# Why do I have low water pressure?



## plbgbiz (Aug 27, 2010)

Pretty common here after shutting off the water...


----------



## 130 PLUMBER (Oct 22, 2009)

Looks like the water heater needs some TLC:laughing::laughing:


----------



## plbgbiz (Aug 27, 2010)

130 PLUMBER said:


> Looks like the water heater needs some TLC:laughing::laughing:


Not this time. That's the cold line.


----------



## 130 PLUMBER (Oct 22, 2009)

It looks like sediment build up from the dip tube


----------



## U666A (Dec 11, 2010)

What is that stuff John?!?

I changed a showerhead for a friend a couple of years ago and had to take it apart due to low flow. Inside were what looked like sesame seeds... weird.


----------



## 130 PLUMBER (Oct 22, 2009)

Looks like$$$$$$:laughing:


----------



## rocksteady (Oct 8, 2008)

It looked like lime scale to me too but I did notice it was on the cold side. Is this fed by a well?








Paul


----------



## Mississippiplum (Sep 30, 2011)

Lime scale and/or calcium


----------



## Will (Jun 6, 2010)

Looks like good ol' Oklahoma City water.


----------



## Richard Hilliard (Apr 10, 2010)

I am sure you checked that the water lines are not crossed. Thought I would mention this, Delta monitor valves in the 90’s used to be manufactured for back to back installation and all you had to do was reverse the cartridge.

That looks like some of the sand at our beach at Turtle Beach.

How hard is the water in that area?


----------



## plbgbiz (Aug 27, 2010)

They are on a rural water system so it is treated to a degree. Actually their fixtures don't look that bad. The pieces were a bit curved and this showed up after installing a new tub valve in another bathroom on the other side of the house. Hot and cold are on the correct sides and the valve is right side up.

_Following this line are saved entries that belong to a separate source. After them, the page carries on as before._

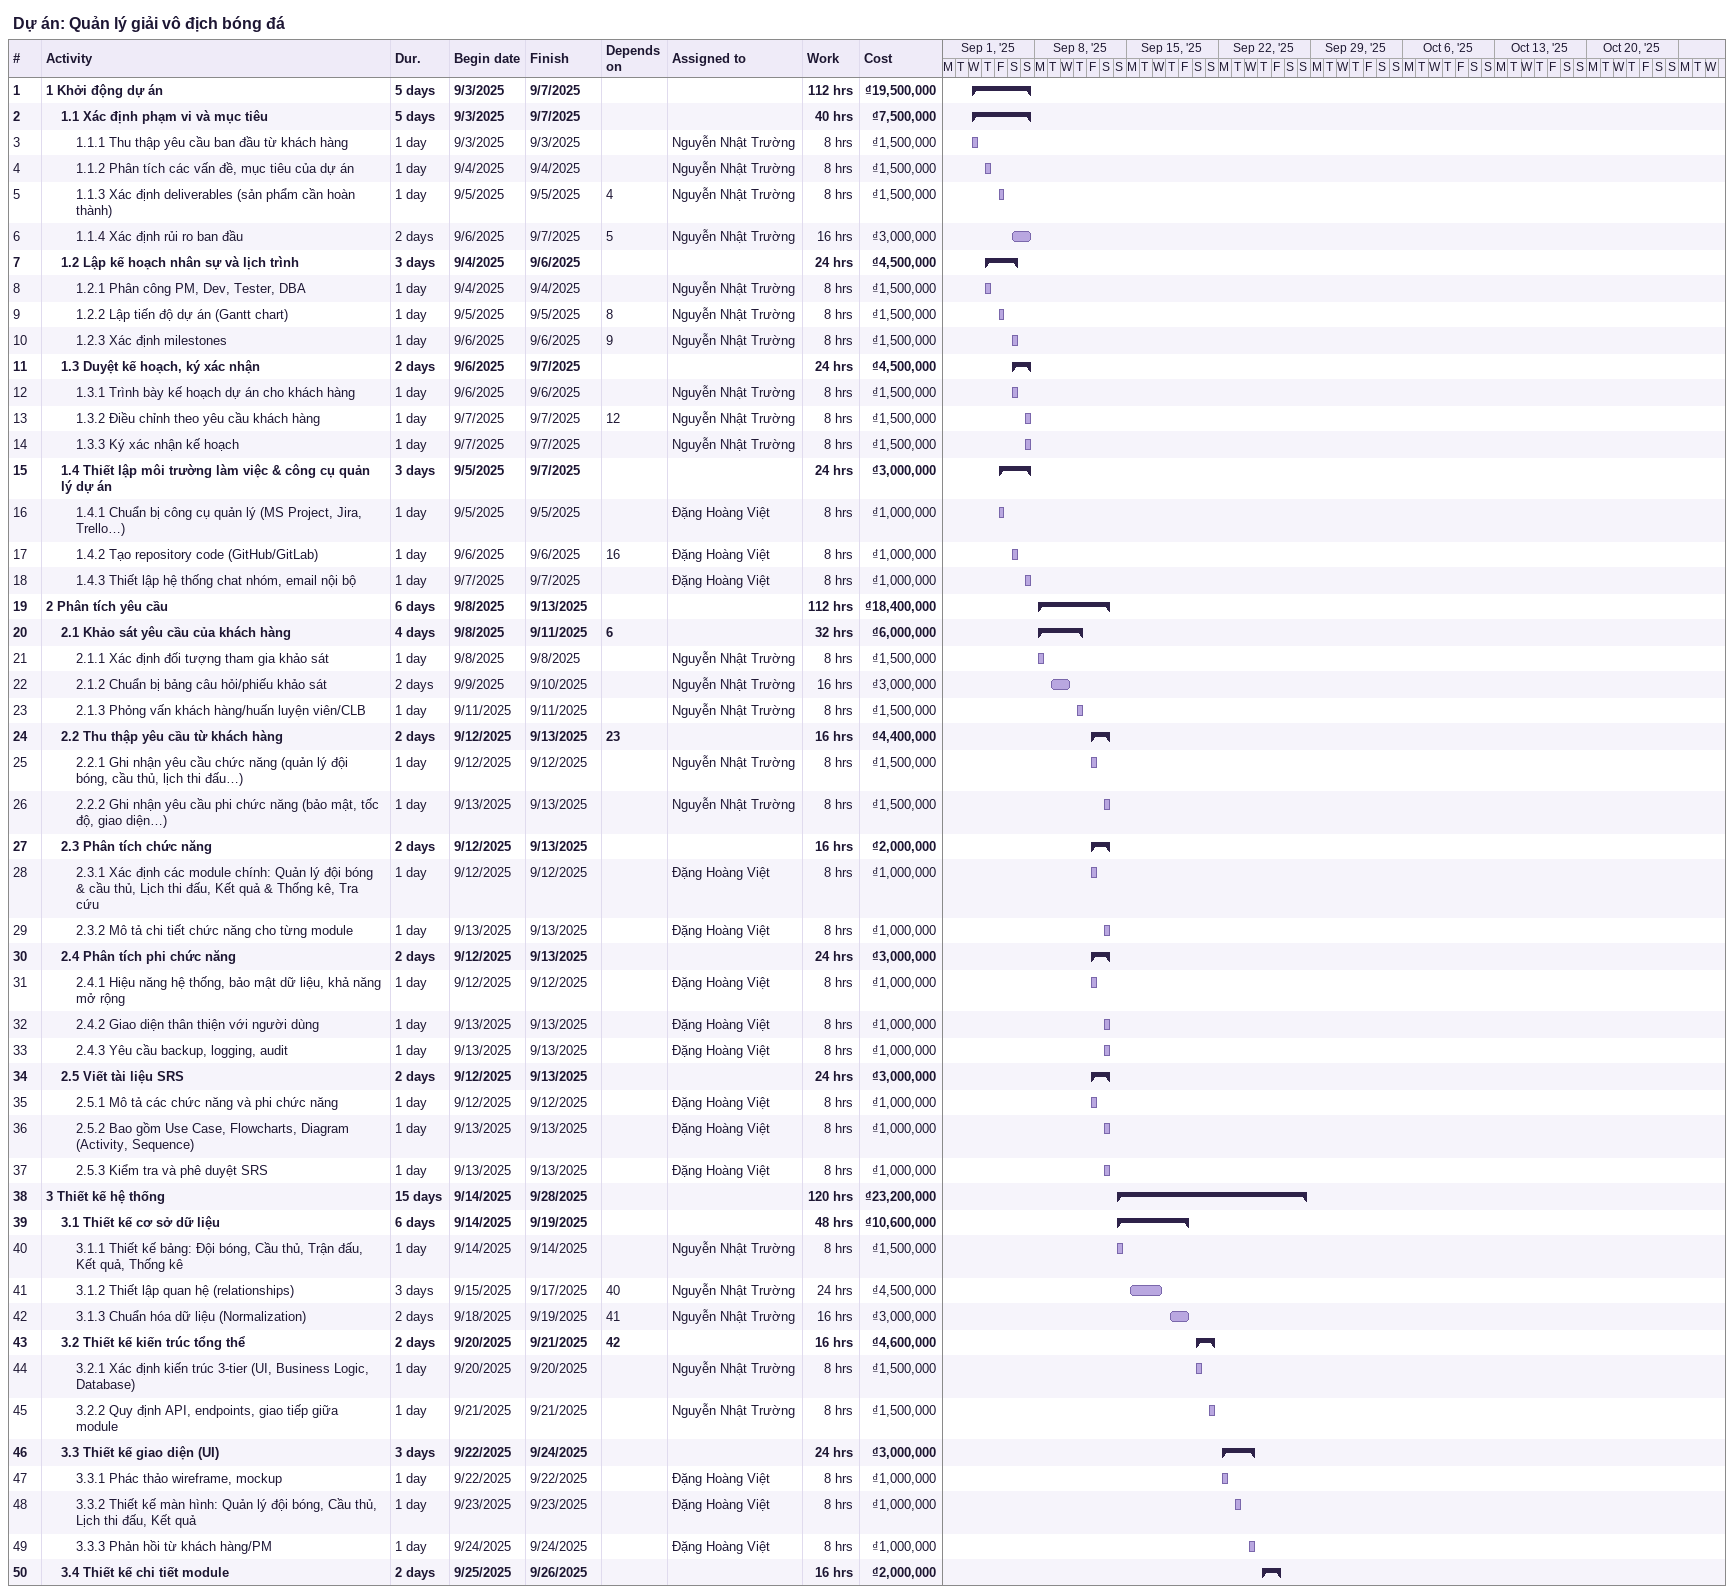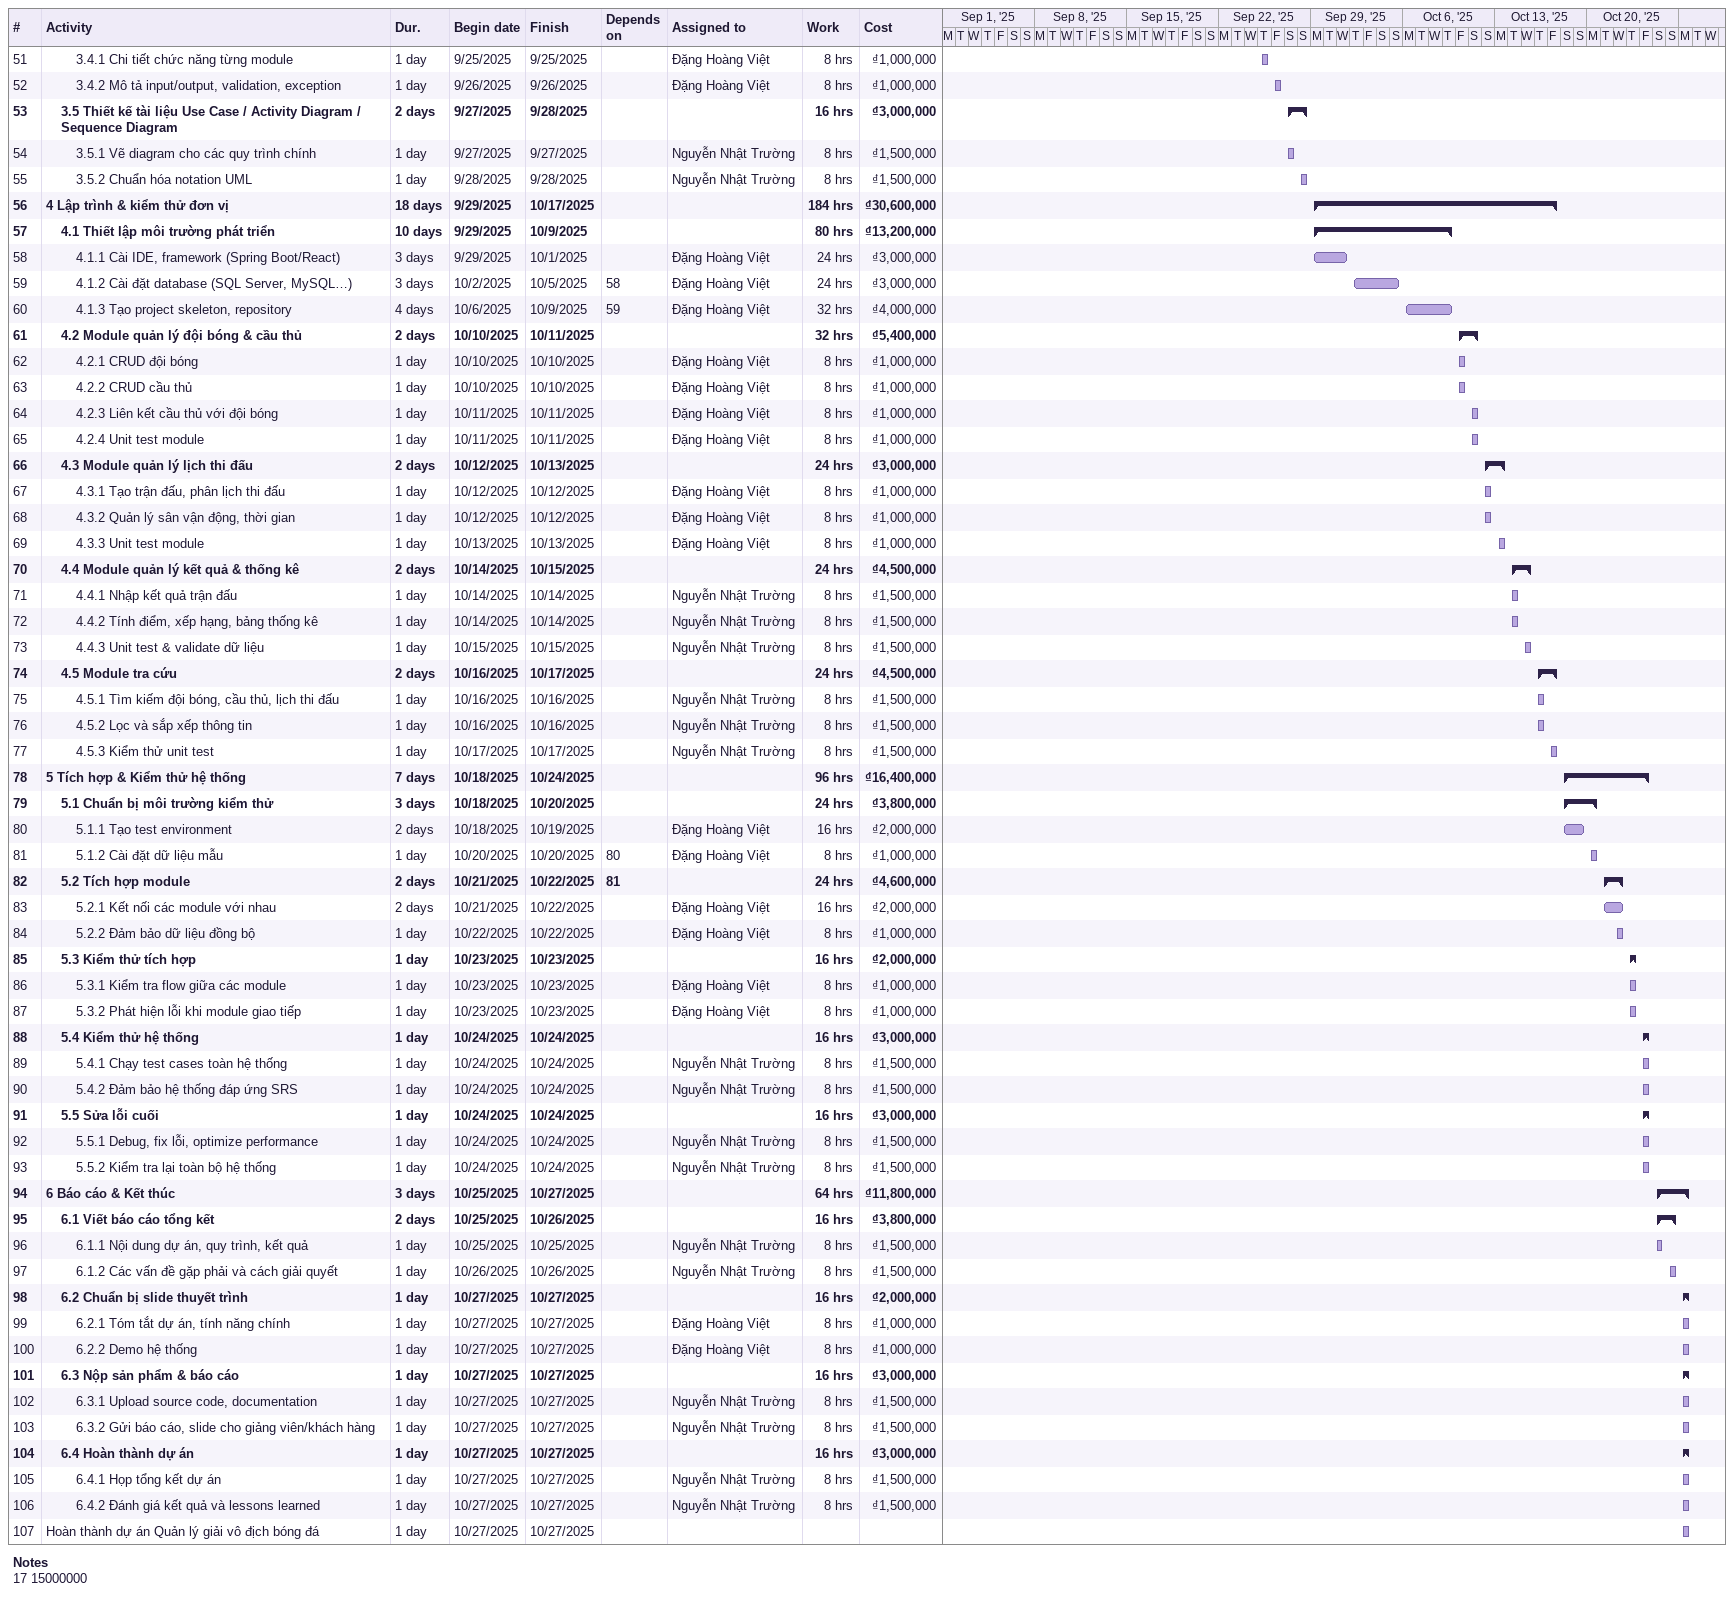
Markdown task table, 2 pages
Dự án: Quản lý giải vô địch bóng đá

| ID | Level | Task | Duration | Start | Finish | Predecessors | Resources | Work (h) | Cost (₫) |
|---|---|---|---|---|---|---|---|---|---|
| 1 | 1 | **1 Khởi động dự án** | 5d | 2025-09-03 | 2025-09-07 |  |  | 112 | 19500000 |
| 2 | 2 | **1.1 Xác định phạm vi và mục tiêu** | 5d | 2025-09-03 | 2025-09-07 |  |  | 40 | 7500000 |
| 3 | 3 | 1.1.1 Thu thập yêu cầu ban đầu từ khách hàng | 1d | 2025-09-03 | 2025-09-03 |  | Nguyễn Nhật Trường | 8 | 1500000 |
| 4 | 3 | 1.1.2 Phân tích các vấn đề, mục tiêu của dự án | 1d | 2025-09-04 | 2025-09-04 |  | Nguyễn Nhật Trường | 8 | 1500000 |
| 5 | 3 | 1.1.3 Xác định deliverables (sản phẩm cần hoàn thành) | 1d | 2025-09-05 | 2025-09-05 | 4 | Nguyễn Nhật Trường | 8 | 1500000 |
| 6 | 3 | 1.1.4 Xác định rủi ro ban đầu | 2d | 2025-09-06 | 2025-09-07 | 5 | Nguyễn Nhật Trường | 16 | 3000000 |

Some of the pieces were a bit curved and they were all the same thickness. Probably just a thin layer of calcium build up on the copper lines that broke loose when the water was shut down. It only happened once and only on the cold side of this fixture. :blink:

It's pretty common to have a thin layer of scale here. Even on treated water. There are a lot of extra fittings at the PRV in the meter box. Maybe it all started there.


----------



## Joseph clegg (Nov 12, 2011)

I'll be damd if that doesn't look like a disintegrated dip tube. But then it would be on the hot side obviously. But thats some lime scale.


----------